# dock/icons out of view on MacBook desktop



## dklapsley (Dec 27, 2007)

It's like my desktop has expanded pushing previously viewable icons, and the dock off the margins of the screen where I can't see them,.

This is NOT a matter of hiding ("Turning Hiding Off") and retrieving the dock. I know about that. Rather, the dock is not hiding, it's just out of sight on my desktop (if that makes sense)

When I position the pointer below the bottom margin of the screen (out of sight) and start clicking away--applications appear. I can't use the iWeb tooks because the Applicator is out of my sight off the right margin of my screen.

I can access the applications, of course, but I can't use iWeb (as above). I can't see the dock and the trash. I don't see when my flashdrive mounts on the desktop.

I'm relatively new to Macs, so maybe there is an obvious fix that I'm unaware. Any help would be fantastic.

Dan


----------



## dklapsley (Dec 27, 2007)

Well, wouldn't you know it, the problem rather fixed itself.

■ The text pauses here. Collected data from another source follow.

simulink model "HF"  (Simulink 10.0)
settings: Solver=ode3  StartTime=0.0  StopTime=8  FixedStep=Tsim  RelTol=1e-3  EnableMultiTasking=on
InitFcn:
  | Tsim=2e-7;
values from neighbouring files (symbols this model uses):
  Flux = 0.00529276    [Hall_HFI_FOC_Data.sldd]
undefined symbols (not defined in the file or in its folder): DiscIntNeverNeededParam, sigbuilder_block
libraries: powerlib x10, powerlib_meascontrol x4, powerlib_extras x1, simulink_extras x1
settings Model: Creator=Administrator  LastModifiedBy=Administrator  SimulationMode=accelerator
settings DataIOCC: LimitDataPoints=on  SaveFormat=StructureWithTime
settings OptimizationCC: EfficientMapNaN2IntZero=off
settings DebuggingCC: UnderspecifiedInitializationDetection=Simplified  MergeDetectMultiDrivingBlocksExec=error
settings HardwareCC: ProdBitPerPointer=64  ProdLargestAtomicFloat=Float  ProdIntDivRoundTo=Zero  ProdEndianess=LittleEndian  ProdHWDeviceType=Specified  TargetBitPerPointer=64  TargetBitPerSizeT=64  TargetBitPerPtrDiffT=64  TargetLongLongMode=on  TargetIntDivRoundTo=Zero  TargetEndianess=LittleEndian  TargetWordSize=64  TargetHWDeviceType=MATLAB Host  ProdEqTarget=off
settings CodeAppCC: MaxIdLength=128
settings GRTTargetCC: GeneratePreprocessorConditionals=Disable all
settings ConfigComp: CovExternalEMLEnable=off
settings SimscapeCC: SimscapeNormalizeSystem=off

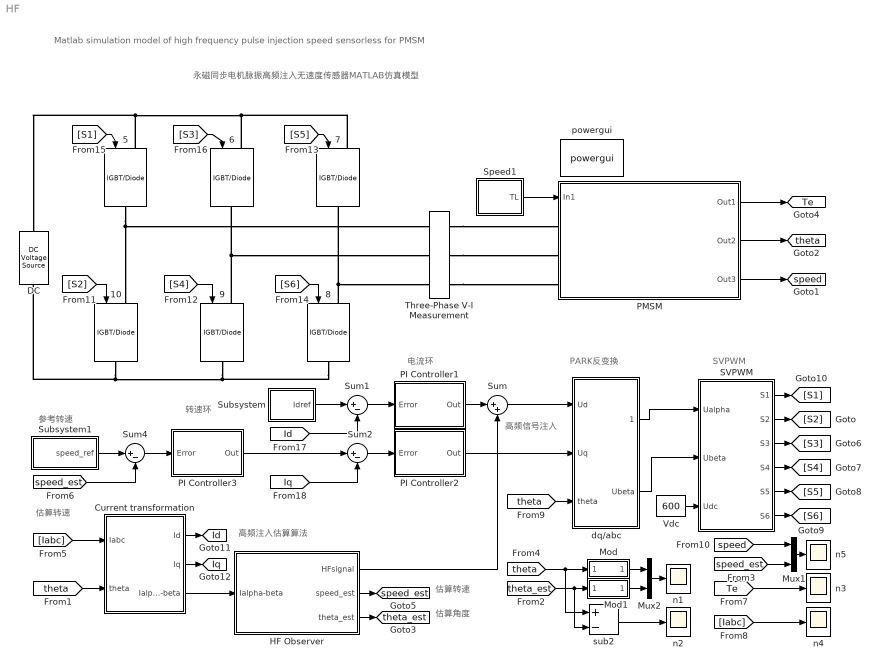
== system HF ==
  note: 转速环
  note: 永磁同步电机脉振高频注入无速度传感器MATLAB仿真模型
  note: Matlab simulation model of high frequency pulse injection speed sensorless for PMSM
  note: 电流环
  note: PARK反变换
  note: SVPWM
  note: 参考转速
  note: 估算转速
  note: 高频信号注入
  note: 估算转速
  note: 估算角度
  note: 高频注入估算算法
  {5..10} (6 alike) : powerlib/Power Electronics/IGBT//Diode  Ron=1e-3  Rs=5000  Cs=inf  Measurements=off
      settings: SourceProductName=Simscape Electrical
  Current transformation : Subsystem
  "DC " : powerlib/Electrical Sources/DC Voltage Source  Amplitude=600  Measurements=None
      settings: SourceProductName=Simscape Electrical
  HF Observer : Subsystem
  Mod : Subsystem
  Mod1 : Subsystem
  Mux1 : Mux  Inputs=2
  Mux2 : Mux  Inputs=2
  PI Controller1 : Subsystem  DialogController=POWERSYS.PowerSysDialog  mask(Discrete PI Controller){Kp=19.8, Ki=4550, Par_Limits=[346.4 -346.4], Init=0, Ts=1e-4}
      mask prompts: Kp "Proportional gain (Kp):"; Ki "Integral gain (Ki):"; Par_Limits "Output limits: [ Upper   Lower ]"; Init "Output initial value:"; Ts "Sample time:"
      mask help: This block implements a discrete PI controller.
      mask init:
      | UpperLimit=Par_Limits(1);
      | LowerLimit=Par_Limits(2);
      | power_initmask();
      mask Help: This block is part of a subset of blocks in the Extras library that does not have documentation associated with it, other than the block mask description.
      mask Display: disp('PI');
  PI Controller2 : Subsystem  DialogController=POWERSYS.PowerSysDialog  mask(Discrete PI Controller){Kp=19.9, Ki=4550, Par_Limits=[346.4 -346.4], Init=0, Ts=1e-4}
      mask prompts: Kp "Proportional gain (Kp):"; Ki "Integral gain (Ki):"; Par_Limits "Output limits: [ Upper   Lower ]"; Init "Output initial value:"; Ts "Sample time:"
      mask help: This block implements a discrete PI controller.
      mask init:
      | UpperLimit=Par_Limits(1);
      | LowerLimit=Par_Limits(2);
      | power_initmask();
      mask Help: This block is part of a subset of blocks in the Extras library that does not have documentation associated with it, other than the block mask description.
      mask Display: disp('PI');
  PI Controller3 : Subsystem  DialogController=POWERSYS.PowerSysDialog  mask(Discrete PI Controller){Kp=5, Ki=60, Par_Limits=[10 -10], Init=0, Ts=1e-4}
      mask prompts: Kp "Proportional gain (Kp):"; Ki "Integral gain (Ki):"; Par_Limits "Output limits: [ Upper   Lower ]"; Init "Output initial value:"; Ts "Sample time:"
      mask help: This block implements a discrete PI controller.
      mask init:
      | UpperLimit=Par_Limits(1);
      | LowerLimit=Par_Limits(2);
      | power_initmask();
      mask Help: This block is part of a subset of blocks in the Extras library that does not have documentation associated with it, other than the block mask description.
      mask Display: disp('PI');
  PMSM : Subsystem
      mask Display: image('PMSM.jpg');
  SVPWM : Subsystem  mask(Seven - sects SVPWM generator){fpwm=10e3, Ts=2e-7}
      mask prompts: fpwm "PWM frequency fpwm (Hz):"; Ts "Sample time Ts (s):"
      mask help: This block implements a space vector PWM.
  Speed1 : Subsystem  Tag=STV Subsys  LoadFcn=sigbuilder_block('load');  StartFcn=sigbuilder_block('start');  StopFcn=sigbuilder_block('stop');  ClipboardFcn=sigbuilder_block('clipboard');  mask(Sigbuilder block){tuvar=[0:10]}
      mask help: Simulink:masks:SigbuilderBlock_MD
      mask init:
      | if ~strcmp(get_param(bdroot(gcbh),'SimulationStatus'),'stopped') tuvar = sigbuilder_block('maskInit'); end
      settings: CopyFcn=sigbuilder_block('copy');  DeleteFcn=sigbuilder_block('delete');  ModelCloseFcn=sigbuilder_block('modelClose');  PreSaveFcn=sigbuilder_block('preSave');  PauseFcn=sigbuilder_block('pause');  ContinueFcn=sigbuilder_block('continue');  NameChangeFcn=sigbuilder_block('namechange');  OpenFcn=sigbuilder_block('open',[6 21.75 1012.5 490.5 ]);  CloseFcn=sigbuilder_block('close');
      mask Display: plot(0, 0, 100, 100,[2, 2, 32, 32, 2], [68, 8, 8, 68, 68],[32, 2], [38, 38], [32, 19, 2],[53, 60, 44], [32, 17, 17, 2],[16, 16, 31, 31]);txt = getActiveGroup(gcbh);text(2, 100, txt,'verticalAlignment', 'top');
  Subsystem : Subsystem
  Subsystem1 : Subsystem
  Sum : Sum  Inputs=|++
  Sum1 : Sum  Inputs=|+-
  Sum2 : Sum  Inputs=|+-
  Sum4 : Sum  Inputs=|+-
  Three-Phase V-I Measurement : powerlib/Measurements/Three-Phase V-I Measurement  VoltageMeasurement=phase-to-phase  SetLabelV=on  LabelV=Vabc  Vpu=off  VpuLL=off  CurrentMeasurement=yes  SetLabelI=on  LabelI=Iabc  Ipu=off  Pbase=100e6  Vbase=500e3  OutputType=Complex  PhasorSimulation=off  PSBequivalent=0
      settings: SourceProductName=Simscape Electrical
  Vdc : Constant  Value=600
  dq/abc : Subsystem
  n{1..5} (5 alike) : Scope
  powergui : powerlib/powergui  Priority=1  SimulationMode=Discrete  SampleTime=0.002*1e-4  frequency=60  Iterations=50  frequencyindice=0  Pbase=100e6  ErrMax=1e-4  UnitsV=kV  UnitsW=MW  buscounter=0  FunctionMessages=off  echomessages=off  EnableUseOfTLC=off  CurrentSourceSwitches=off  DisableSnubberDevices=off  DisableRonSwitches=off  DisableVfSwitches=off  DisplayEquations=off  AutomaticDiscreteSolvers=off  SolverType=Tustin/Backward Euler (TBE)  Interpol=off  ExternalGateDelay=off  methode=off  Ts=10  x0status=blocks  SPID=off  SwTol=0  HookPort=off  NonlinearTolerance=1e-4  nMaxIteration=100  ContinueOnMaxIteration=off  RestoreLinks=warning  ResistiveCurrentMeasurement=off  Frange=[0:2:500]  Ylog=off  Xlog=on  ShowGrid=off  save=off  variable=ZData  structure=0  ZoomFFT=off  StartTime=0.0  cycles=1  DisplayStyle=1  fundamental=60  FreqAxis=off  MaxFrequency=1000  frequencyindicesteady=1  RmsSteady=1  display=off
      settings: SourceProductName=Simscape Electrical
  sub2 : Sum  Inputs=+-
  tag scope: Id=global, Iq=global, Te=global, speed=global, speed_est=global, theta=global, theta_est=global
  wires:
  dq/abc/1(Ualpha) -> SVPWM/1(Ualpha)
  PI Controller3/1(Out) -> Sum2/1
  HF Observer/3(theta_est) -> [theta_est]
  HF Observer/1(HFsignal) -> Sum/2
  PI Controller1/1(Out) -> Sum/1
  Vdc/1 -> SVPWM/3(Udc)
  Sum1/1 -> PI Controller1/1(Error)
  Sum2/1 -> PI Controller2/1(Error)
  Sum4/1 -> PI Controller3/1(Error)
  Mux2/1 -> n1/1
  Mod/1(Out1) -> Mux2/1
  Mod1/1(Out1) -> Mux2/2
  [theta] -> Current transformation/2(theta)
  [theta] -> dq/abc/3(theta)
  [theta_est] -> sub2/2, Mod1/1(In1)
  [theta] -> sub2/1, Mod/1(In1)
  sub2/1 -> n2/1
  PI Controller2/1(Out) -> dq/abc/2(Uq)
  Sum/1 -> dq/abc/1(Ud)
  dq/abc/2(Ubeta) -> SVPWM/2(Ubeta)
  [S1] -> 5/1
  [S2] -> 10/1
  [S3] -> 6/1
  [S4] -> 9/1
  [S5] -> 7/1
  [S6] -> 8/1
  SVPWM/1(S1) -> [S1]
  SVPWM/2(S2) -> [S2]
  SVPWM/3(S3) -> [S3]
  SVPWM/4(S4) -> [S4]
  SVPWM/5(S5) -> [S5]
  SVPWM/6(S6) -> [S6]
  [Iabc] -> Current transformation/1(Iabc)
  Speed1/1(TL) -> PMSM/1(In1)
  PMSM/1(Out1) -> [Te]
  PMSM/2(Out2) -> [theta]
  PMSM/3(Out3) -> [speed]
  [Te] -> n3/1
  [Iabc] -> n4/1
  Current transformation/3(Ialpha-beta) -> HF Observer/1(Ialpha-beta)
  HF Observer/2(speed_est) -> [speed_est]
  [speed_est] -> Sum4/2
  Mux1/1 -> n5/1
  [speed_est] -> Mux1/2
  [speed] -> Mux1/1
  Current transformation/1(Id) -> [Id]
  Current transformation/2(Iq) -> [Iq]
  [Id] -> Sum1/2
  [Iq] -> Sum2/2
  Subsystem1/1(speed_ref) -> Sum4/1
  Subsystem/1(Idref) -> Sum1/1
  connections:
  10/RConn1 -- "DC "/LConn1 -- 8/RConn1 -- 9/RConn1
  5/RConn1 -- Three-Phase V-I Measurement/LConn1 -- 10/LConn1
  9/LConn1 -- Three-Phase V-I Measurement/LConn2 -- 6/RConn1
  8/LConn1 -- Three-Phase V-I Measurement/LConn3 -- 7/RConn1
  5/LConn1 -- "DC "/RConn1 -- 6/LConn1 -- 7/LConn1
  Three-Phase V-I Measurement/RConn1 -- PMSM/LConn1
  Three-Phase V-I Measurement/RConn2 -- PMSM/LConn2
  Three-Phase V-I Measurement/RConn3 -- PMSM/LConn3

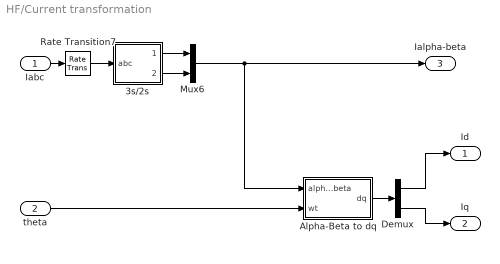
== system HF/Current transformation ==
  Iabc : Inport
  theta : Inport  Port=2
  3s/2s : Subsystem
  Alpha-Beta to dq : Subsystem
      mask Display:
      | plot([0 1], [0,1])
      | port_label('input', 1, '\alpha\beta','texmode','on')
      | port_label('input', 2, 'wt')
      | port_label('output', 1, 'dq')
  Demux : Demux  Outputs=2
  Mux6 : Mux  Inputs=2
  Rate Transition7 : RateTransition
  Id : Outport
  Iq : Outport  Port=2
  Ialpha-beta : Outport  Port=3
  wires:
  Iabc/1 -> Rate Transition7/1
  3s/2s/1(alpha) -> Mux6/1
  3s/2s/2(beta) -> Mux6/2
  Mux6/1 -> Ialpha-beta/1, Alpha-Beta to dq/1(alpha_beta)
  theta/1 -> Alpha-Beta to dq/2(wt)
  Alpha-Beta to dq/1(dq) -> Demux/1
  Demux/1 -> Id/1
  Demux/2 -> Iq/1
  Rate Transition7/1 -> 3s/2s/1(abc)

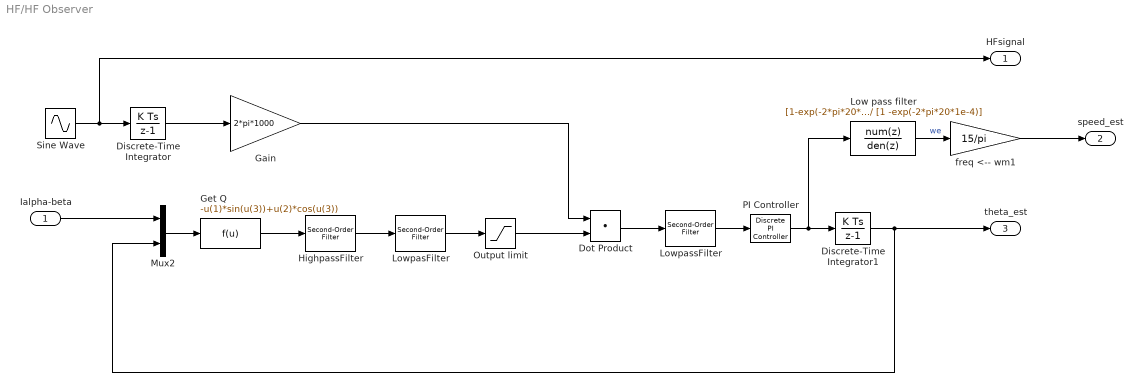
== system HF/HF Observer ==
  Ialpha-beta : Inport
  Discrete-Time Integrator : DiscreteIntegrator  SampleTime=-1  ICPrevOutput=DiscIntNeverNeededParam  ICPrevScaledInput=DiscIntNeverNeededParam
  Discrete-Time Integrator1 : DiscreteIntegrator  SampleTime=-1  ICPrevOutput=DiscIntNeverNeededParam  ICPrevScaledInput=DiscIntNeverNeededParam
  Dot Product : DotProduct  InputSameDT=on  OutDataTypeStr=Inherit: Inherit via internal rule
  Gain : Gain  Gain=2*pi*1000
  Get Q : Fcn  Expr=-u(1)*sin(u(3))+u(2)*cos(u(3))
  HighpassFilter : powerlib_meascontrol/Filters/Second-Order Filter  FilterType=Highpass  Fo=1000 - 100/2  Zeta=0.3  Ts=1e-4  Initialize=off  Vac_Init="[0,  0,  60]"  Vdc_Init=0  PlotResponse=off  FreqRange=[0, 10000, 1]
      settings: SourceProductName=Simscape Electrical  SourceProductBaseCode=PS
  Low pass filter : DiscreteTransferFcn  Numerator=[1-exp(-2*pi*20*1e-4)]  Denominator=[1 -exp(-2*pi*20*1e-4)]  SampleTime=1e-4
  LowpasFilter : powerlib_meascontrol/Filters/Second-Order Filter  FilterType=Lowpass  Fo=1000 + 100/2  Zeta=0.3  Ts=1e-4  Initialize=off  Vac_Init="[0,  0,  60]"  Vdc_Init=0  PlotResponse=off  FreqRange=[0, 5000, 1]
      settings: SourceProductName=Simscape Electrical  SourceProductBaseCode=PS
  LowpassFilter : powerlib_meascontrol/Filters/Second-Order Filter  FilterType=Lowpass  Fo=100  Zeta=0.707  Ts=1e-4  Initialize=off  Vac_Init="[0,  0,  60]"  Vdc_Init=0  PlotResponse=off  FreqRange=[0, 500, 1]
      settings: SourceProductName=Simscape Electrical  SourceProductBaseCode=PS
  Mux2 : Mux  Inputs=2
  Output limit : Saturate
  PI Controller : powerlib_extras/Discrete  Control Blocks/Discrete PI Controller  Kp=5  Ki=50  Par_Limits=[100*2*pi -100*2*pi]  Init=0  Ts=1e-4
      settings: SourceProductName=Simscape Electrical
  Sine Wave : Sin  Amplitude=20  Frequency=2*pi*1000  Phase=pi/2  SampleTime=1e-4
  freq <-- wm1 : Gain  Gain=15/pi
  HFsignal : Outport
  speed_est : Outport  Port=2
  theta_est : Outport  Port=3
  wires:
  Ialpha-beta/1 -> Mux2/1
  Get Q/1 -> HighpassFilter/1
  HighpassFilter/1 -> LowpasFilter/1
  Sine Wave/1 -> HFsignal/1, Discrete-Time Integrator/1
  Discrete-Time Integrator/1 -> Gain/1
  Gain/1 -> Dot Product/1
  Dot Product/1 -> LowpassFilter/1
  LowpassFilter/1 -> PI Controller/1
  PI Controller/1 -> Low pass filter/1, Discrete-Time Integrator1/1
  Output limit/1 -> Dot Product/2
  LowpasFilter/1 -> Output limit/1
  Discrete-Time Integrator1/1 -> theta_est/1, Mux2/2
  Mux2/1 -> Get Q/1
  Low pass filter/1 -> freq <-- wm1/1  "we"
  freq <-- wm1/1 -> speed_est/1

== system HF/Mod ==
  In1 : Inport
  Constant1 : Constant  Value=2*pi
  Math Function : Math  Operator=mod  SaturateOnIntegerOverflow=on
  Out1 : Outport
  wires:
  Constant1/1 -> Math Function/2
  Math Function/1 -> Out1/1
  In1/1 -> Math Function/1

== system HF/Mod1 ==
  In1 : Inport
  Constant1 : Constant  Value=2*pi
  Math Function : Math  Operator=mod  SaturateOnIntegerOverflow=on
  Out1 : Outport
  wires:
  In1/1 -> Math Function/1
  Math Function/1 -> Out1/1
  Constant1/1 -> Math Function/2

== system HF/PI Controller1 ==
  Error : Inport  SampleTime=Ts
  Discrete-Time Integrator : DiscreteIntegrator  InitialCondition=Init  SampleTime=Ts  LimitOutput=on  UpperSaturationLimit=UpperLimit  LowerSaturationLimit=LowerLimit  ICPrevOutput=DiscIntNeverNeededParam  ICPrevScaledInput=DiscIntNeverNeededParam
  Kp4 : Gain  Gain=Kp  SampleTime=Ts  SaturateOnIntegerOverflow=on  OutDataTypeStr=Inherit: Same as input  ParamDataTypeStr=Inherit: Same as input
  Kp5 : Gain  Gain=Ki  SampleTime=Ts  SaturateOnIntegerOverflow=on  OutDataTypeStr=Inherit: Same as input  ParamDataTypeStr=Inherit: Same as input
  Saturation2 : Saturate  UpperLimit=UpperLimit  LowerLimit=LowerLimit  SampleTime=Ts
  Sum6 : Sum  SampleTime=Ts  SaturateOnIntegerOverflow=on  InputSameDT=on  OutDataTypeStr=Inherit: Same as first input
  Zero-Order Hold : ZeroOrderHold  SampleTime=Ts
  Out : Outport  SampleTime=Ts  InitialOutput=0
  wires:
  Zero-Order Hold/1 -> Sum6/1
  Discrete-Time Integrator/1 -> Sum6/2
  Kp4/1 -> Zero-Order Hold/1
  Kp5/1 -> Discrete-Time Integrator/1
  Sum6/1 -> Saturation2/1
  Error/1 -> Kp5/1, Kp4/1
  Saturation2/1 -> Out/1

== system HF/PI Controller2 ==
  Error : Inport  SampleTime=Ts
  Discrete-Time Integrator : DiscreteIntegrator  InitialCondition=Init  SampleTime=Ts  LimitOutput=on  UpperSaturationLimit=UpperLimit  LowerSaturationLimit=LowerLimit  ICPrevOutput=DiscIntNeverNeededParam  ICPrevScaledInput=DiscIntNeverNeededParam
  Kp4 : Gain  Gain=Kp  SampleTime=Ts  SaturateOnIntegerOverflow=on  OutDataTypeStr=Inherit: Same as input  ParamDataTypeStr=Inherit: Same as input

I've had this problem for several days, and now having let the MacBook "go to sleep" as it were---I came back to it with everything now visible. 

I would still enjoy hearing from anyone who has had a similar problem, or who know what or why this sort of thing happens (and what do do about it in the future---apparently doing nothing seems to work).

Dan


----------



## shuuhen (Sep 4, 2004)

Haven't had the problem myself, but I'd bet it was something weird about detecting displays. Next time, try going to System Preferences->Displays, then click on Detect Displays.


----------



## sinclair_tm (Mar 11, 2005)

Almost sounds like there was some kind of overscan on, or "Universal Access" was on, magnifying the screen.


----------



## dklapsley (Dec 27, 2007)

Thanks for the replies, I appreciate it.  My problem has returned. But the problem goes away when I let the computer sit and go into sleep mode. Then, when I turn it back on, the screen is sized back to normal and I can see everything.

I will try your suggestions, but what should I do about a overscan or "universal access", if that is magnifying the screen on log-in, and what can I do about it?

Or, if I go into System Preferences and click on Detect Displays?

Thanks again for taking the time to answer.

Dan


----------